Things to do in Goodwin’s Court for Harry Potter fans
So, if you are a Harry Potter fan and you’re stopping by Goodwin’s Court, you’re probably wondering what you can do here?
Well, there’s actually quite a bit considering it’s a tiny commuter street in central London!
Here are all the things to do in Goodwin’s Court for Harry Potter fans and things to look out for on your visit.
1. Feel like you’re walking through Knockturn Alley to Borgin & Burkes
Although many will stop by here feeling like they’ve escaped to Diagon Alley, I was following the pointed finger guiding me down to Knockturn Alley!
I wandered around Goodwin’s Court channeling my inner Bellatrix Lestrange and I could just imagine my wanted poster from Azkaban hanging up on the walls here!

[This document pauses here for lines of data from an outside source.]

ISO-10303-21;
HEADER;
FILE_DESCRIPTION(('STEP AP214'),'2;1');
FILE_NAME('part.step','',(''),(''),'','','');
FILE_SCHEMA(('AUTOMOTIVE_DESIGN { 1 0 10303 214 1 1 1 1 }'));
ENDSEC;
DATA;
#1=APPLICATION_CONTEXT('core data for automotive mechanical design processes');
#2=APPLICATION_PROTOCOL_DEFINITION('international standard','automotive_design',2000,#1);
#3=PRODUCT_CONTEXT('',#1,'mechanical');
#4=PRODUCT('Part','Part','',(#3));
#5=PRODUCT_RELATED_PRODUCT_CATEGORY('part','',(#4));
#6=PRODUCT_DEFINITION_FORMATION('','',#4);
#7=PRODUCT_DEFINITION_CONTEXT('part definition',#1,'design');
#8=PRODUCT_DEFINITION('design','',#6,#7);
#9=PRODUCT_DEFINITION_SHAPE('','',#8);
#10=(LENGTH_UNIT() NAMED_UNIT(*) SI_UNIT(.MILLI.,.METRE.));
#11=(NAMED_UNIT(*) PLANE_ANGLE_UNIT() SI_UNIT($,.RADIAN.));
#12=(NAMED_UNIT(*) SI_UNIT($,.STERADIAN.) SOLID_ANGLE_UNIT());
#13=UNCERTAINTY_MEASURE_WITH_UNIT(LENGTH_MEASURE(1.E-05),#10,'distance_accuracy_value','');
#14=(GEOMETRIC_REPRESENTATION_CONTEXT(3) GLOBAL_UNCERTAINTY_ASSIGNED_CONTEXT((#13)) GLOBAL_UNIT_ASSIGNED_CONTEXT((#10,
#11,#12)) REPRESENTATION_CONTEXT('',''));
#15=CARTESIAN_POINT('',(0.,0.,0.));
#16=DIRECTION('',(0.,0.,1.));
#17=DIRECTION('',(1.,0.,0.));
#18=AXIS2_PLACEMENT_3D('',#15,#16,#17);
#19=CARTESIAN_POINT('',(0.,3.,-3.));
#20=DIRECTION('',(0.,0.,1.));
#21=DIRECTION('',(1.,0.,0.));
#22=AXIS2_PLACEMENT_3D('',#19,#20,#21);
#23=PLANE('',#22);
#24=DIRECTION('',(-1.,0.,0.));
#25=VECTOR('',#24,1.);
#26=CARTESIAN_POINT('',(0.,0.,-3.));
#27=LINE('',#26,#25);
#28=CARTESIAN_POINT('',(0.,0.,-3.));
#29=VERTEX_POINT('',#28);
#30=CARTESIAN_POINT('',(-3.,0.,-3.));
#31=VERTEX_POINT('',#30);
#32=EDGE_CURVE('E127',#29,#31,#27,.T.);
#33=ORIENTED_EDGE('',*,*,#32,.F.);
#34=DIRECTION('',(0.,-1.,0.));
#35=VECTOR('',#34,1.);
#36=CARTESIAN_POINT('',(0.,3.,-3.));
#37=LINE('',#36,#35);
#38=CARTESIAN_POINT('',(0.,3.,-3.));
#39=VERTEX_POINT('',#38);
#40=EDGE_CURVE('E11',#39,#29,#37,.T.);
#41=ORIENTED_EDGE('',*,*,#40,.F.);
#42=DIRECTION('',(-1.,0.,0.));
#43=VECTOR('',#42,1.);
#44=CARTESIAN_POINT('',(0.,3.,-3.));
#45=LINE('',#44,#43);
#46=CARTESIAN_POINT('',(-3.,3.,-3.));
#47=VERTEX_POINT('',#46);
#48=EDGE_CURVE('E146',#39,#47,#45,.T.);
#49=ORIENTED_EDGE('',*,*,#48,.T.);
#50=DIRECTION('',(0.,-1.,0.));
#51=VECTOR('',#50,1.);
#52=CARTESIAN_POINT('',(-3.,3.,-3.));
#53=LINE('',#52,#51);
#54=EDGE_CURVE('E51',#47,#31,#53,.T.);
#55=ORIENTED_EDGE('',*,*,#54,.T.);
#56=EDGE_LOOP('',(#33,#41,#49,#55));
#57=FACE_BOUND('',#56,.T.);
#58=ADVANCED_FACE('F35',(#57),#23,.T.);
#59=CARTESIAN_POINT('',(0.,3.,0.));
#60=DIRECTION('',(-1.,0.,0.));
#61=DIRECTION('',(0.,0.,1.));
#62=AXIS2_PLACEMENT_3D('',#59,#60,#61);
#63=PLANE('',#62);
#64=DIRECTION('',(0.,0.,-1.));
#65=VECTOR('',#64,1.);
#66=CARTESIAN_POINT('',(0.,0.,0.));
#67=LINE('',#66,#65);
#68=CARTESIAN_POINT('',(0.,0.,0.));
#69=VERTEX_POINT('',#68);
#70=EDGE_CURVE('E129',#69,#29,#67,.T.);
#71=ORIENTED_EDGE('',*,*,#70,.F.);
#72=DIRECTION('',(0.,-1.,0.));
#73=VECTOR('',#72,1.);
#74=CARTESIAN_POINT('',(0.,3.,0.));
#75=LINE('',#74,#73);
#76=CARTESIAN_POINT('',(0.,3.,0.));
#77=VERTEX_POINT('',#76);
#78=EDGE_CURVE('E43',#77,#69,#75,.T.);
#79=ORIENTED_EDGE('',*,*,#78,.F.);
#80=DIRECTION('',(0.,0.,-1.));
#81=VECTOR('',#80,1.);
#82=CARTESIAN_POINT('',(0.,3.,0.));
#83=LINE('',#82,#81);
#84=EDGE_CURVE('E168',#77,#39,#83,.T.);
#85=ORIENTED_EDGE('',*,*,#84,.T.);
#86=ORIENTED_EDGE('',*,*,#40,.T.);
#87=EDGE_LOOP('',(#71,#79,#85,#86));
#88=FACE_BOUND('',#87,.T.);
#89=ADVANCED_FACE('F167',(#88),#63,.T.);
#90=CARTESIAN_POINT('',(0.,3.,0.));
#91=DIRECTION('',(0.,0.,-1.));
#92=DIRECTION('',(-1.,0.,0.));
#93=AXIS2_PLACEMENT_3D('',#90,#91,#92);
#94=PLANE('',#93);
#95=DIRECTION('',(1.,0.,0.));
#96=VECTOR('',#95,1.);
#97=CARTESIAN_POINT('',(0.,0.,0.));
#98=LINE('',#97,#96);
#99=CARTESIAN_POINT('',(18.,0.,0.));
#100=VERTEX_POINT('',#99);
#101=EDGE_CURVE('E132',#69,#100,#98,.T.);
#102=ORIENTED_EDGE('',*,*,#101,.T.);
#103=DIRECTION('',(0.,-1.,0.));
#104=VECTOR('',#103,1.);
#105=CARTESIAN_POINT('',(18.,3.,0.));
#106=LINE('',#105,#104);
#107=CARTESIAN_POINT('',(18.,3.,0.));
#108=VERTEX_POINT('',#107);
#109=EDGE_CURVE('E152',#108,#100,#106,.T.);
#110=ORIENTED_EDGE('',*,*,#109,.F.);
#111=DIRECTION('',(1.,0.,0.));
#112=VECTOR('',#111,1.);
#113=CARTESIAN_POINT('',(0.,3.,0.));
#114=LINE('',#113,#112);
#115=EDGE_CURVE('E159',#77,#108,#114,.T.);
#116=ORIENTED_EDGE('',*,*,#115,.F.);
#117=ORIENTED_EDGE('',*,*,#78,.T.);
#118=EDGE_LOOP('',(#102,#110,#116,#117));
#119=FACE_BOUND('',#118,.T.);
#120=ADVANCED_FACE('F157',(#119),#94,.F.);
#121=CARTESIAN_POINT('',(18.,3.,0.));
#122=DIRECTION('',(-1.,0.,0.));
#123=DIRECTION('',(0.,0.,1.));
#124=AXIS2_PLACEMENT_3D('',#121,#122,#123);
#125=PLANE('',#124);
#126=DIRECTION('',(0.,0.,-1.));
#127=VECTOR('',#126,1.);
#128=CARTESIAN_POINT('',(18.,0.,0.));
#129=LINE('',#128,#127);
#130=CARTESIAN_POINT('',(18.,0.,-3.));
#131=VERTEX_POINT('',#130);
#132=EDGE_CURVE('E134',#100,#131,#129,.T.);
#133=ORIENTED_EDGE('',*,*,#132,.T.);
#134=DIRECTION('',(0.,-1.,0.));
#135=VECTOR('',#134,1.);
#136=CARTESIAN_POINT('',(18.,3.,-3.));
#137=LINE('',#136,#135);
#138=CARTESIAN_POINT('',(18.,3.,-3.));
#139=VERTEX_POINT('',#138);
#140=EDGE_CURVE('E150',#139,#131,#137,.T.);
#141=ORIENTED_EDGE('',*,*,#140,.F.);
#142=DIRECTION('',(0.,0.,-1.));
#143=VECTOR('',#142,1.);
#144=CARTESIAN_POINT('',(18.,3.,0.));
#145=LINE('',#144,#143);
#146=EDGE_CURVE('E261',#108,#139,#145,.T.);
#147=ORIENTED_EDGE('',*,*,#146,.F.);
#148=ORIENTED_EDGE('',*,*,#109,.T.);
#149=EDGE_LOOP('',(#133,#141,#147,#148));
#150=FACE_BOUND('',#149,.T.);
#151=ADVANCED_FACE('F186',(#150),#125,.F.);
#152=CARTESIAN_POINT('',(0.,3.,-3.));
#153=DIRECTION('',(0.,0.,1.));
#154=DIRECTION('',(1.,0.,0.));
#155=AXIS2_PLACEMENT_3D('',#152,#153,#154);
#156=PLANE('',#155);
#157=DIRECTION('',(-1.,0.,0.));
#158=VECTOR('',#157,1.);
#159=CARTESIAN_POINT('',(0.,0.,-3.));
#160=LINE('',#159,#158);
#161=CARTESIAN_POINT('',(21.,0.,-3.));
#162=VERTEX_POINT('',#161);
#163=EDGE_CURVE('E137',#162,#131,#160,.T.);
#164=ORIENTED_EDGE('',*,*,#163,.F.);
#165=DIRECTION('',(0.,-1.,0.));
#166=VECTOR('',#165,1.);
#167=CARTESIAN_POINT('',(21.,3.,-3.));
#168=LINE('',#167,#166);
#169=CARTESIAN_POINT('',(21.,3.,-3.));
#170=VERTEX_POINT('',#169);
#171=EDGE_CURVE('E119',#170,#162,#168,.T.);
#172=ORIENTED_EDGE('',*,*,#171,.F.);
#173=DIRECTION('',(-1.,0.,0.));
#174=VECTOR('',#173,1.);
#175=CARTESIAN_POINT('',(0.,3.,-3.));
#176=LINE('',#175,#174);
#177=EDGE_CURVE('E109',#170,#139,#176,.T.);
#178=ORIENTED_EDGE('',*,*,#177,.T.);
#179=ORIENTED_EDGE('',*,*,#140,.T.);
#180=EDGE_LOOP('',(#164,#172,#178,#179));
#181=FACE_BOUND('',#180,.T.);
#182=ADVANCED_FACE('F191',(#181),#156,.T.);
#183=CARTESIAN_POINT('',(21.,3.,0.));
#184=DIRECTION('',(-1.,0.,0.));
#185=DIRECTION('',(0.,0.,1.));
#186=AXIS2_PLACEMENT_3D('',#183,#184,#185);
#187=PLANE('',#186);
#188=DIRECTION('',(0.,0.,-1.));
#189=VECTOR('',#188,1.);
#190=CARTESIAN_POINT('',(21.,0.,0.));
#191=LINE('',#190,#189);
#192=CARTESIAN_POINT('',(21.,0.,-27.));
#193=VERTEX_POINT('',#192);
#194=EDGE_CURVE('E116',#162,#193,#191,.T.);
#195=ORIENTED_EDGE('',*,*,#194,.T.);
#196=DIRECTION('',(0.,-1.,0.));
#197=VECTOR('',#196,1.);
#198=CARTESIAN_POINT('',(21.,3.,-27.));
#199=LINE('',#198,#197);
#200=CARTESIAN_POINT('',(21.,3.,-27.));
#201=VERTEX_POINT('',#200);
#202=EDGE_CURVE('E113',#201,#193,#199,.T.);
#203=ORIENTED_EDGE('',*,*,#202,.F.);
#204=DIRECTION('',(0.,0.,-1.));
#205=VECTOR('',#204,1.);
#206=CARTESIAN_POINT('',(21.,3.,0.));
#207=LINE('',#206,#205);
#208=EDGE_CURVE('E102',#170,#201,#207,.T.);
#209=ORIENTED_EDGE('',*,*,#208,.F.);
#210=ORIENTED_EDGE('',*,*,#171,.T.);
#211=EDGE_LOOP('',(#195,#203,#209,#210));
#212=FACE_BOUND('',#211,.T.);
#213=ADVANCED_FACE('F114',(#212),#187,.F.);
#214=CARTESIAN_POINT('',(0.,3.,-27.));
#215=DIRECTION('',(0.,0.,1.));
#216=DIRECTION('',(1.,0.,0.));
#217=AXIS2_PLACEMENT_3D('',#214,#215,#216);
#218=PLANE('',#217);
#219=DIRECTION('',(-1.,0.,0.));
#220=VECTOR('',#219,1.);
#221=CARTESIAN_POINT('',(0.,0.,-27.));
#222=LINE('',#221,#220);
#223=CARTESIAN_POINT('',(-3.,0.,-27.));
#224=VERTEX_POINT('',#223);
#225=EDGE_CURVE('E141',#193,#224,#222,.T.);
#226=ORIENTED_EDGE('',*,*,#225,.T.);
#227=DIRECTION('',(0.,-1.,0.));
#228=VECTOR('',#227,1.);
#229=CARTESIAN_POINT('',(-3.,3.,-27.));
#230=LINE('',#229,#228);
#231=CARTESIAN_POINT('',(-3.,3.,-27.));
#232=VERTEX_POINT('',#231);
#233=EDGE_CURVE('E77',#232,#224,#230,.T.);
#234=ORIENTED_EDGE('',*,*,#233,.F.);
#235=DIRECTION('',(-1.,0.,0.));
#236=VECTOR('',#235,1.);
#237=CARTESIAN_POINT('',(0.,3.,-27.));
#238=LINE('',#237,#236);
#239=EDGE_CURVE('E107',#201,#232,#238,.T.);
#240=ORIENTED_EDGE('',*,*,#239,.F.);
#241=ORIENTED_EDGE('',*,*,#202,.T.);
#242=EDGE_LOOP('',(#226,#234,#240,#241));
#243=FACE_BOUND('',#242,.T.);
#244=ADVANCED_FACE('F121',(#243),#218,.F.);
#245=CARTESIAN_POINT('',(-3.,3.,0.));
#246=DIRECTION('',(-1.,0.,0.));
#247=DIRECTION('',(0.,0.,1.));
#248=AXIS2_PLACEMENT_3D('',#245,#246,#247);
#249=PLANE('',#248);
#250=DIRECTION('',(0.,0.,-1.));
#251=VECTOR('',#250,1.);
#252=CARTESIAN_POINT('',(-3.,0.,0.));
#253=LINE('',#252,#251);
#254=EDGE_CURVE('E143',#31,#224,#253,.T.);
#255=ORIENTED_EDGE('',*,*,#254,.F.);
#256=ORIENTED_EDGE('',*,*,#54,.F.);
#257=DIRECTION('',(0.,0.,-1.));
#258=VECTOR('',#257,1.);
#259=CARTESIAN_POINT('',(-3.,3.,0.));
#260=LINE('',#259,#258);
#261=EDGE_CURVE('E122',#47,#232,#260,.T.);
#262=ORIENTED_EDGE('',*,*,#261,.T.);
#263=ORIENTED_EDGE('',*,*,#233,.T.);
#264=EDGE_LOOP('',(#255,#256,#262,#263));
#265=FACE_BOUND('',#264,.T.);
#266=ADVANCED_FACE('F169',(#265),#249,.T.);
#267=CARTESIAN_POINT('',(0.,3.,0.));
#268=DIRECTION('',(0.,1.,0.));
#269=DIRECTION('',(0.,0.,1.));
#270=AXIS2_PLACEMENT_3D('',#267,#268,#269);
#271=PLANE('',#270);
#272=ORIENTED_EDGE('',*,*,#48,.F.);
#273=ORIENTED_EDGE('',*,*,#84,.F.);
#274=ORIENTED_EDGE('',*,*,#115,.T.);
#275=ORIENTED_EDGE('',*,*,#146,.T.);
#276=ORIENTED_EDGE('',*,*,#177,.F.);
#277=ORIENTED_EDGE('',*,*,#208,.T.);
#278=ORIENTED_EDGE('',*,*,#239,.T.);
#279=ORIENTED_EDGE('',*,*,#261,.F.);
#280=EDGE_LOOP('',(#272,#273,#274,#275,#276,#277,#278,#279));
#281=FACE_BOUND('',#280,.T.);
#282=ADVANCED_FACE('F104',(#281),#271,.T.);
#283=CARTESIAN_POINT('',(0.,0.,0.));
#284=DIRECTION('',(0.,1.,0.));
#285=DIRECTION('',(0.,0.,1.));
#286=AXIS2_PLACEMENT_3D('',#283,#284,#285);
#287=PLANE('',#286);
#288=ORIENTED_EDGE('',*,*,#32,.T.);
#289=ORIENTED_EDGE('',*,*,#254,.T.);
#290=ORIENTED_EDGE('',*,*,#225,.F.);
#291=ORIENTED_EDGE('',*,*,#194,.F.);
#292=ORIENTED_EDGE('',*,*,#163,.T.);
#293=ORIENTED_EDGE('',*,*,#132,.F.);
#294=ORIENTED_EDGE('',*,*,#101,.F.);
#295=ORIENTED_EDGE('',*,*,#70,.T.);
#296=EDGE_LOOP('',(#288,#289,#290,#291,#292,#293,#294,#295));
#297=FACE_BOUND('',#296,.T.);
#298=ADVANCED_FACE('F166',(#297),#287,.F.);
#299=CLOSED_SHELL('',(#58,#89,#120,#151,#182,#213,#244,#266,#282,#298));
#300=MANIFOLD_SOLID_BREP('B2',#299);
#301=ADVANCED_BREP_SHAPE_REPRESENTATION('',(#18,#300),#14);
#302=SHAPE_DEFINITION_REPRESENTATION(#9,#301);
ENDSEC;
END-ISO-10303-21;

But, in all seriousness, this alleyway does feel like you could walk into Borgin & Burkes to see their curiosities. This includes the famous vanishing cabinet that would allow you to visit Draco at Hogwarts!
The old oil lamps down this street add the mystery and you may be surprised to know that they have been restored over time and still work today. So, coming back in the evening time maybe even more magical.
2. Look for Hedwig, Broomsticks and Deathly Hallows in the windows!
What I LOVED more than anything in Goodwin’s Court was the Harry Potter inspired window displays around here. They really embrace the Harry Potter theme!
As soon as I walked in I saw Hedwig and a broomstick in a window! Then, a gorgeous floral display in Hogwart’s House colours in another (no Slytherin house though *sniff).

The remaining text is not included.